◆ YOUR OBJECTIVE ◆
Once you find the line with "- Q6: footprint" in the data that follows, repeat it and every line after it exactly, through the line with "- net GND: now also Q?.3 (S2)".

Dataset entries:
══════
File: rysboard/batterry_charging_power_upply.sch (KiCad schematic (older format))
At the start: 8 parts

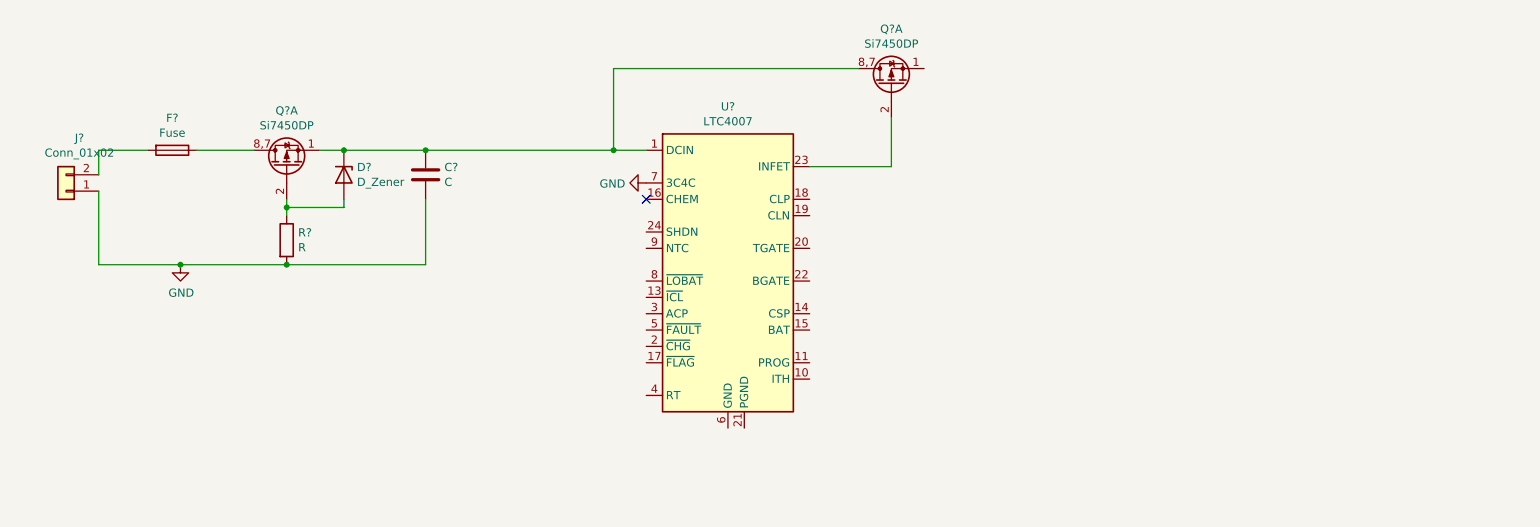
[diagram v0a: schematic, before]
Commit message: Added mcu, labeled its pins , major powwer supply overhaul started
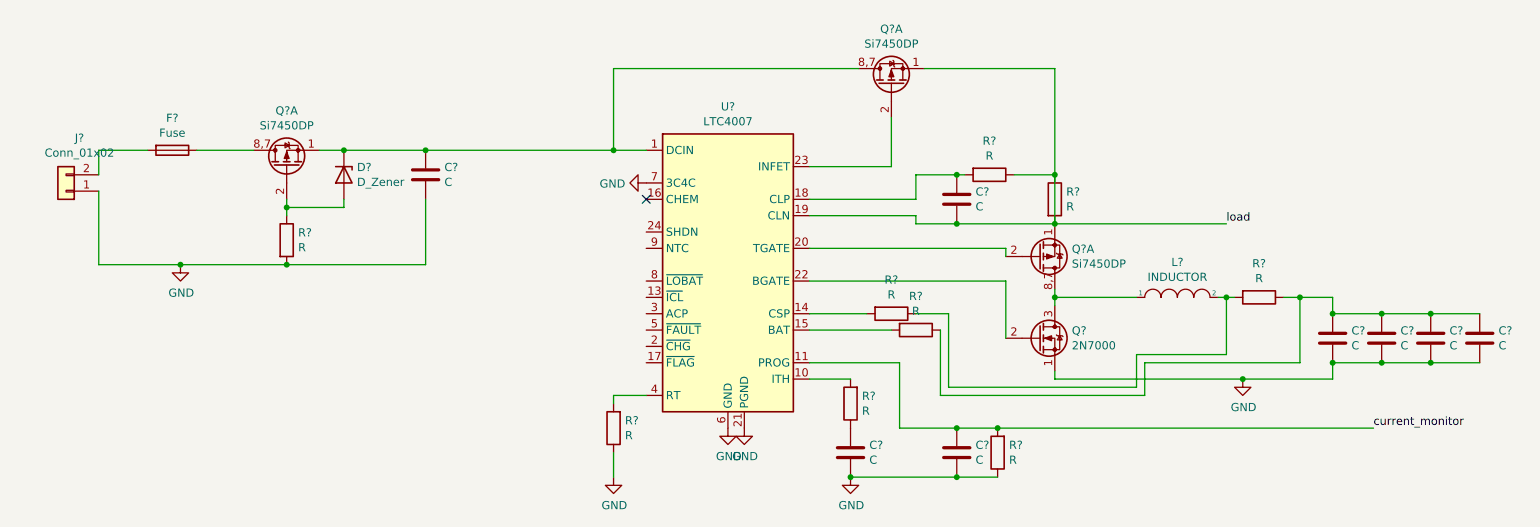
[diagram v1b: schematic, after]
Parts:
- added C? (x7): C, symbol Device:C
- added L?: INDUCTOR, symbol pspice:INDUCTOR
- added Q?: Si7450DP, Package_TO_SOT_SMD:SOT-23, symbol Transistor_FET:AO3401A
- added Q?: 2N7000, Package_TO_SOT_THT:TO-92_Inline, symbol Transistor_FET:2N7000
- added R? (x8): R, symbol Device:R
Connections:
- net GND: now also U?.21 (PGND), U?.6 (GND), C?.2, C?.2, C?.2, C?.2, C?.2, C?.2, Q?.1 (S), R?.1, R?.1
- net at U?.10 (ITH): now also R?.2
- net current_monitor: now reaches U?.11 (PROG)
- net current_monitor: now also C?.1, R?.2
- net at U?.14 (CSP): now also R?.2
- net at U?.15 (BAT): now also R?.2
- net at U?.18 (CLP): now also C?.1, R?.2
- net load: now reaches U?.19 (CLN)
- net load: now also Q?.1 (S1), C?.2, Q?.1 (S1), R?.1, R?.1, R?.2
- net at U?.20 (TGATE): now also Q?.2 (G1)
- net at U?.22 (BGATE): now also Q?.2 (G)
- net at U?.4 (RT): now also R?.2
- new net: L?.1, Q?.3 (D), Q?.8,7 (D1)
- new net: L?.2, R?.1, R?.2
- new net: C?.1, C?.1, C?.1, C?.1, R?.1, R?.1
- new net: C?.1, R?.1

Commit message: NST847BDP6T5G Added, more conections done
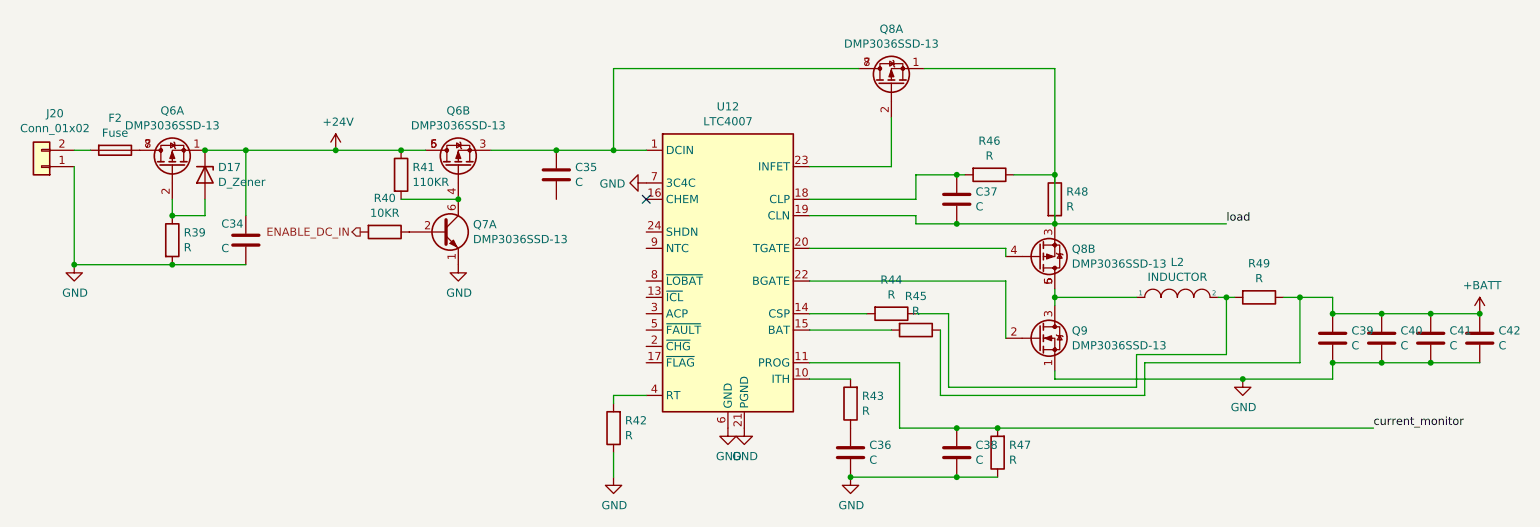
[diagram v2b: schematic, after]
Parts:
- removed Q? (x3): Si7450DP, Package_TO_SOT_SMD:SOT-23, symbol Transistor_FET:AO3401A
- added C34: C, symbol Device:C
- added Q6, Q8: DMP3036SSD-13, Package_SO:SO-8_5.3x6.2mm_P1.27mm, symbol rysboard:DMP3036SSD-13
- added Q7: DMP3036SSD-13, Package_SO:SO-8_5.3x6.2mm_P1.27mm, symbol rysboard:NST847BDP6T5G
- added R40: 10KR, symbol Device:R
- added R41: 110KR, symbol Device:R
- Q9: renamed from Q?; value 2N7000 -> DMP3036SSD-13; footprint Package_TO_SOT_THT:TO-92_Inline -> Package_SO:SO-8_5.3x6.2mm_P1.27mm
- gave numbers to parts that had none: 22
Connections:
- net GND: now also C34.2, Q7.1 (E1); no longer C35.2
- net load: now also Q8.1 (S1), Q8.3 (S2)
- net at C35.1, U12.1 (DCIN): now also Q6.3 (S2), Q8.7 (d), Q8.8 (d); no longer D17.1 (K)
- net at U12.20 (TGATE): now also Q8.4 (G2)
- net at U12.23 (INFET): now also Q8.2 (G1)
- net at D17.2 (A), R39.1: now also Q6.2 (G1)
- net at F2.1: now also Q6.7 (d), Q6.8 (d)
- net at L2.1, Q9.3 (D): now also Q8.5 (d), Q8.6 (d)
- net +BATT: now reaches C39.1, C40.1, C41.1, C42.1, R45.1, R49.1
- new net: Q6.4 (G2), Q7.6 (C1), R41.2
- new net: Q7.2 (B1), R40.1
- new net +24V: C34.1, D17.1 (K), Q6.1 (S1), Q6.5 (d), Q6.6 (d), R41.1
- new net ENABLE_DC_IN: R40.2
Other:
- moved on the sheet: C35, D17, F2, J20, R39

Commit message: created eval board for STM , added mcu, created controll section for TOFS and FAN. Added programming pinout, Remooved legacy spi interface, Removed addidtional i2c socket
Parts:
- removed Q7: DMP3036SSD-13, Package_SO:SO-8_5.3x6.2mm_P1.27mm, symbol rysboard:NST847BDP6T5G
- added Q?: NST847BDP6T5G, Package_TO_SOT_SMD:SOT-963, symbol rysboard:NST847BDP6T5G
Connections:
- net GND: now also C35.2, Q?.1 (E1)
- net at Q6.4 (G2), R41.2: now also Q?.6 (C1)
- net at R40.1: now also Q?.2 (B1)
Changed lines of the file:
@@
 $Descr A4 11693 8268
 encoding utf-8
-Sheet 4 6
+Sheet 4 7
 Title ""
 Date ""
@@
 	1650 1750 1550 1750
 $Comp
-L rysboard:NST847BDP6T5G Q7
-U 1 1 606ABC18
-P 3800 2250
-F 0 "Q7" H 3990 2296 50  0000 L CNN
-F 1 "DMP3036SSD-13" H 3990 2205 50  0000 L CNN
-F 2 "Package_SO:SO-8_5.3x6.2mm_P1.27mm" H 4000 2350 50  0001 C CNN
-F 3 "http://www.vishay.com/docs/70209/70209.pdf" H 3800 2250 50  0001 C CNN
-	1    3800 2250
-	1    0    0    -1
-$EndComp
-Connection ~ 3900 2050
-$Comp
 L power:GND #PWR041
 U 1 1 606AC403
@@
 	1    0    0    1
 $EndComp
+$Comp
+L rysboard:NST847BDP6T5G Q?
+U 1 1 606EA8D4
+P 3800 2250
+F 0 "Q?" H 3990 2296 50  0000 L CNN
+F 1 "NST847BDP6T5G" H 3990 2205 50  0000 L CNN
+F 2 "Package_TO_SOT_SMD:SOT-963" H 4000 2350 50  0001 C CNN
+F 3 "~" H 3800 2250 50  0001 C CNN
+	1    3800 2250
+	1    0    0    -1
+$EndComp
+Connection ~ 3900 2050
+$Comp
+L power:GND #PWR?
+U 1 1 606EB25B
+P 4500 2050
+F 0 "#PWR?" H 4500 1800 50  0001 C CNN
+F 1 "GND" H 4505 1877 50  0000 C CNN
+F 2 "" H 4500 2050 50  0001 C CNN
+F 3 "" H 4500 2050 50  0001 C CNN
+	1    4500 2050
+	1    0    0    -1
+$EndComp
 $EndSCHEMATC

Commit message: added some of the analog sensors
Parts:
- gave numbers to parts that had none: 1
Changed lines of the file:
@@
 $EndComp
 $Comp
-L rysboard:NST847BDP6T5G Q?
+L rysboard:NST847BDP6T5G Q7
 U 1 1 606EA8D4
 P 3800 2250
-F 0 "Q?" H 3990 2296 50  0000 L CNN
+F 0 "Q7" H 3990 2296 50  0000 L CNN
 F 1 "NST847BDP6T5G" H 3990 2205 50  0000 L CNN
 F 2 "Package_TO_SOT_SMD:SOT-963" H 4000 2350 50  0001 C CNN
@@
 Connection ~ 3900 2050
 $Comp
-L power:GND #PWR?
+L power:GND #PWR0101
 U 1 1 606EB25B
 P 4500 2050
-F 0 "#PWR?" H 4500 1800 50  0001 C CNN
+F 0 "#PWR0101" H 4500 1800 50  0001 C CNN
 F 1 "GND" H 4505 1877 50  0000 C CNN
 F 2 "" H 4500 2050 50  0001 C CNN

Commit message: sensors enable added, Vref problem to solve
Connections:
- net load renamed +12V
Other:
- note added: "REMOVE ADDITIONA L mosfet USE INTERNAL SHUDTOWN PIN"
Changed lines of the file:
@@
 	7550 1250 6750 1250
 Wire Wire Line
-	7550 2200 8600 2200
+	7550 2200 8500 2200
 $Comp
 L Transistor_FET:2N7000 Q9
@@
 current_monitor
 Text Label 8600 2200 0    50   ~ 0
-load
+EL_LOAD
 $Comp
 L Device:R R42
@@
 	1    0    0    -1
 $EndComp
+Text Notes 3050 1000 0    50   ~ 0
+REMOVE ADDITIONA L mosfet USE INTERNAL SHUDTOWN PIN
+$Comp
+L power:+12V #PWR?
+U 1 1 604387DC
+P 8500 2200
+F 0 "#PWR?" H 8500 2050 50  0001 C CNN
+F 1 "+12V" H 8515 2373 50  0000 C CNN
+F 2 "" H 8500 2200 50  0001 C CNN
+F 3 "" H 8500 2200 50  0001 C CNN
+	1    8500 2200
+	1    0    0    -1
+$EndComp
+Connection ~ 8500 2200
+Wire Wire Line
+	8500 2200 8600 2200
 $EndSCHEMATC

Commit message: new mosfet footprints
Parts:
- R40, R41: footprint (none) -> Resistor_SMD:R_0603_1608Metric
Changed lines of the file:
@@
 F 0 "R41" H 3620 1946 50  0000 L CNN
 F 1 "110KR" H 3620 1855 50  0000 L CNN
-F 2 "" V 3480 1900 50  0001 C CNN
+F 2 "Resistor_SMD:R_0603_1608Metric" V 3480 1900 50  0001 C CNN
 F 3 "~" H 3550 1900 50  0001 C CNN
 	1    3550 1900
@@
 F 0 "R40" V 3243 2250 50  0000 C CNN
 F 1 "10KR" V 3334 2250 50  0000 C CNN
-F 2 "" V 3380 2250 50  0001 C CNN
+F 2 "Resistor_SMD:R_0603_1608Metric" V 3380 2250 50  0001 C CNN
 F 3 "~" H 3450 2250 50  0001 C CNN
 	1    3450 2250
@@
 REMOVE ADDITIONA L mosfet USE INTERNAL SHUDTOWN PIN
 $Comp
-L power:+12V #PWR?
+L power:+12V #PWR061
 U 1 1 604387DC
 P 8500 2200
-F 0 "#PWR?" H 8500 2050 50  0001 C CNN
+F 0 "#PWR061" H 8500 2050 50  0001 C CNN
 F 1 "+12V" H 8515 2373 50  0000 C CNN
 F 2 "" H 8500 2200 50  0001 C CNN

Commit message: Fixed library, added a few MOSFET layouts
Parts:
- removed Q8: DMP3036SSD-13, Package_SO:SO-8_5.3x6.2mm_P1.27mm, symbol rysboard:DMP3036SSD-13
- removed Q9: DMP3036SSD-13, Package_SO:SO-8_5.3x6.2mm_P1.27mm, symbol Transistor_FET:2N7000
- removed R41: 110KR, Resistor_SMD:R_0603_1608Metric, symbol Device:R
- added Q5: DMP3036SSD-13, Package_SO:SO-8_3.9x4.9mm_P1.27mm, symbol rysboard:DMP3036SSD-13
- added Q?: Si7938DP-T1-GE3, Package_SO:PowerPAK_SO-8_Dual, symbol rysboard:Si7938DP-T1-GE3
- Q6: footprint Package_SO:SO-8_5.3x6.2mm_P1.27mm -> Package_SO:SO-8_3.9x4.9mm_P1.27mm
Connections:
- net +12V: now also Q6.3 (S2), Q6.7 (d), Q6.8 (d)
- net +24V: now also C35.1, U12.1 (DCIN), Q5.3 (S2); no longer Q6.5 (d), Q6.6 (d)
- net GND: now also Q?.3 (S2)
- net at U12.20 (TGATE): now also Q6.4 (G2)
- net at U12.22 (BGATE): now also Q?.4 (G2)
- net at U12.23 (INFET): now also Q6.2 (G1)
- net at D17.2 (A), R39.1: now also Q5.4 (G2); no longer Q6.2 (G1)
- net at L2.1: now also Q6.5 (d), Q6.6 (d), Q?.6 (D1)
- net at Q7.6 (C1): no longer Q6.4 (G2)
- new net: F2.1, Q5.5 (d), Q5.6 (d)
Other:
- moved on the sheet: Q7A, R40
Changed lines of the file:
@@
 Wire Wire Line
 	7550 2200 8500 2200
-$Comp
-L Transistor_FET:2N7000 Q9
-U 1 1 5FF132A9
-P 7450 2900
-F 0 "Q9" H 7654 2946 50  0000 L CNN
-F 1 "DMP3036SSD-13" H 7654 2855 50  0000 L CNN
-F 2 "Package_SO:SO-8_5.3x6.2mm_P1.27mm" H 7650 2825 50  0001 L CIN
-F 3 "http://www.vishay.com/docs/70209/70209.pdf" H 7450 2900 50  0001 L CNN
-	1    7450 2900
-	1    0    0    -1
-$EndComp
 Wire Wire Line
 	7550 2700 7550 2650
@@
 Wire Wire Line
 	1550 1850 1550 2450
-$Comp
-L rysboard:DMP3036SSD-13 Q6
-U 1 1 606882F4
-P 2150 1850
-F 0 "Q6" V 2492 1850 50  0000 C CNN
-F 1 "DMP3036SSD-13" V 2401 1850 50  0000 C CNN
-F 2 "Package_SO:SO-8_5.3x6.2mm_P1.27mm" H 2350 1775 50  0001 L CIN
-F 3 "http://www.vishay.com/docs/70209/70209.pdf" H 2150 1850 50  0001 L CNN
-	1    2150 1850
-	0    -1   -1   0
-$EndComp
-$Comp
-L rysboard:DMP3036SSD-13 Q6
-U 2 1 60689C49
-P 3900 1850
-F 0 "Q6" V 4242 1850 50  0000 C CNN
-F 1 "DMP3036SSD-13" V 4151 1850 50  0000 C CNN
-F 2 "Package_SO:SO-8_5.3x6.2mm_P1.27mm" H 4100 1775 50  0001 L CIN
-F 3 "http://www.vishay.com/docs/70209/70209.pdf" H 3900 1850 50  0001 L CNN
-	2    3900 1850
-	0    -1   -1   0
-$EndComp
 Connection ~ 1550 2450
 Connection ~ 4500 1750
@@
 	1    0    0    -1
 $EndComp
-Wire Wire Line
-	3700 1750 3550 1750
-Wire Wire Line
-	4100 1750 4500 1750
-$Comp
-L Device:R R41
-U 1 1 606A1005
-P 3550 1900
-F 0 "R41" H 3620 1946 50  0000 L CNN
-F 1 "110KR" H 3620 1855 50  0000 L CNN
-F 2 "Resistor_SMD:R_0603_1608Metric" V 3480 1900 50  0001 C CNN
-F 3 "~" H 3550 1900 50  0001 C CNN
-	1    3550 1900
-	1    0    0    -1
-$EndComp
-Connection ~ 3550 1750
 Connection ~ 3150 1750
 Wire Wire Line
-	3150 1750 3550 1750
-Wire Wire Line
-	3550 2050 3900 2050
-Wire Wire Line
 	1650 1750 1550 1750
-$Comp
-L power:GND #PWR041
-U 1 1 606AC403
-P 3900 2450
-F 0 "#PWR041" H 3900 2200 50  0001 C CNN
-F 1 "GND" H 3905 2277 50  0000 C CNN
-F 2 "" H 3900 2450 50  0001 C CNN
-F 3 "" H 3900 2450 50  0001 C CNN
-	1    3900 2450
-	1    0    0    -1
-$EndComp
-$Comp
-L Device:R R40
-U 1 1 606AC756
-P 3450 2250
-F 0 "R40" V 3243 2250 50  0000 C CNN
-F 1 "10KR" V 3334 2250 50  0000 C CNN
-F 2 "Resistor_SMD:R_0603_1608Metric" V 3380 2250 50  0001 C CNN
-F 3 "~" H 3450 2250 50  0001 C CNN
-	1    3450 2250
-	0    1    1    0
-$EndComp
-Text HLabel 3300 2250 0    50   Output ~ 0
-ENABLE_DC_IN
 Connection ~ 2150 2450
 Wire Wire Line
@@
 Wire Wire Line
 	2350 1750 2600 1750
-Connection ~ 2350 1750
 Wire Wire Line
 	2350 2150 2150 2150
@@
 Wire Wire Line
 	2600 2150 2600 1750
-$Comp
-L rysboard:DMP3036SSD-13 Q8
-U 1 1 606CBDEE
-P 6550 1350
-F 0 "Q8" V 6892 1350 50  0000 C CNN
-F 1 "DMP3036SSD-13" V 6801 1350 50  0000 C CNN
-F 2 "Package_SO:SO-8_5.3x6.2mm_P1.27mm" H 6750 1275 50  0001 L CIN
-F 3 "http://www.vishay.com/docs/70209/70209.pdf" H 6550 1350 50  0001 L CNN
-	1    6550 1350
-	0    -1   -1   0
-$EndComp
-$Comp
-L rysboard:DMP3036SSD-13 Q8
-U 2 1 606CD530
-P 7450 2400
-F 0 "Q8" H 7654 2354 50  0000 L CNN
-F 1 "DMP3036SSD-13" H 7654 2445 50  0000 L CNN
-F 2 "Package_SO:SO-8_5.3x6.2mm_P1.27mm" H 7650 2325 50  0001 L CIN
-F 3 "http://www.vishay.com/docs/70209/70209.pdf" H 7450 2400 50  0001 L CNN
-	2    7450 2400
-	1    0    0    1
-$EndComp
-$Comp
-L rysboard:NST847BDP6T5G Q7
-U 1 1 606EA8D4
-P 3800 2250
-F 0 "Q7" H 3990 2296 50  0000 L CNN
-F 1 "NST847BDP6T5G" H 3990 2205 50  0000 L CNN
-F 2 "Package_TO_SOT_SMD:SOT-963" H 4000 2350 50  0001 C CNN
-F 3 "~" H 3800 2250 50  0001 C CNN
-	1    3800 2250
-	1    0    0    -1
-$EndComp
-Connection ~ 3900 2050
 $Comp
 L power:GND #PWR0101
@@
 Wire Wire Line
 	8500 2200 8600 2200
+$Comp
+L power:GND #PWR041
+U 1 1 606AC403
+P 3900 3000
+F 0 "#PWR041" H 3900 2750 50  0001 C CNN
+F 1 "GND" H 3905 2827 50  0000 C CNN
+F 2 "" H 3900 3000 50  0001 C CNN
+F 3 "" H 3900 3000 50  0001 C CNN
+	1    3900 3000
+	1    0    0    -1
+$EndComp
+$Comp
+L Device:R R40
+U 1 1 606AC756
+P 3450 2800
+F 0 "R40" V 3243 2800 50  0000 C CNN
+F 1 "10KR" V 3334 2800 50  0000 C CNN
+F 2 "Resistor_SMD:R_0603_1608Metric" V 3380 2800 50  0001 C CNN
+F 3 "~" H 3450 2800 50  0001 C CNN
+	1    3450 2800
+	0    1    1    0
+$EndComp
+Text HLabel 3300 2800 0    50   Output ~ 0
+ENABLE_DC_IN
+$Comp
+L rysboard:NST847BDP6T5G Q7
+U 1 1 606EA8D4
+P 3800 2800
+F 0 "Q7" H 3990 2846 50  0000 L CNN
+F 1 "NST847BDP6T5G" H 3990 2755 50  0000 L CNN
+F 2 "Package_TO_SOT_SMD:SOT-963" H 4000 2900 50  0001 C CNN
+F 3 "~" H 3800 2800 50  0001 C CNN
+	1    3800 2800
+	1    0    0    -1
+$EndComp
+Wire Wire Line
+	3150 1750 4500 1750
+$Comp
+L rysboard:DMP3036SSD-13 Q5
+U 2 1 6050A980
+P 2150 1850
+F 0 "Q5" V 2492 1850 50  0000 C CNN
+F 1 "DMP3036SSD-13" V 2401 1850 50  0000 C CNN
+F 2 "Package_SO:SO-8_3.9x4.9mm_P1.27mm" H 2350 1775 50  0001 L CIN
+F 3 "" H 2150 1850 50  0001 L CNN
+	2    2150 1850
+	0    -1   -1   0
+$EndComp
+Connection ~ 2350 1750
+$Comp
+L rysboard:DMP3036SSD-13 Q6
+U 1 1 6050BA61
+P 6550 1350
+F 0 "Q6" V 6892 1350 50  0000 C CNN
+F 1 "DMP3036SSD-13" V 6801 1350 50  0000 C CNN
+F 2 "Package_SO:SO-8_3.9x4.9mm_P1.27mm" H 6750 1275 50  0001 L CIN
+F 3 "" H 6550 1350 50  0001 L CNN
+	1    6550 1350
+	0    1    -1   0
+$EndComp
+$Comp
+L rysboard:DMP3036SSD-13 Q6
+U 2 1 6051AD38
+P 7450 2400
+F 0 "Q6" H 7654 2354 50  0000 L CNN
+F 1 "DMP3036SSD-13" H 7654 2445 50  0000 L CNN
══════
◆ RESULT ◆
- Q6: footprint Package_SO:SO-8_5.3x6.2mm_P1.27mm -> Package_SO:SO-8_3.9x4.9mm_P1.27mm
Connections:
- net +12V: now also Q6.3 (S2), Q6.7 (d), Q6.8 (d)
- net +24V: now also C35.1, U12.1 (DCIN), Q5.3 (S2); no longer Q6.5 (d), Q6.6 (d)
- net GND: now also Q?.3 (S2)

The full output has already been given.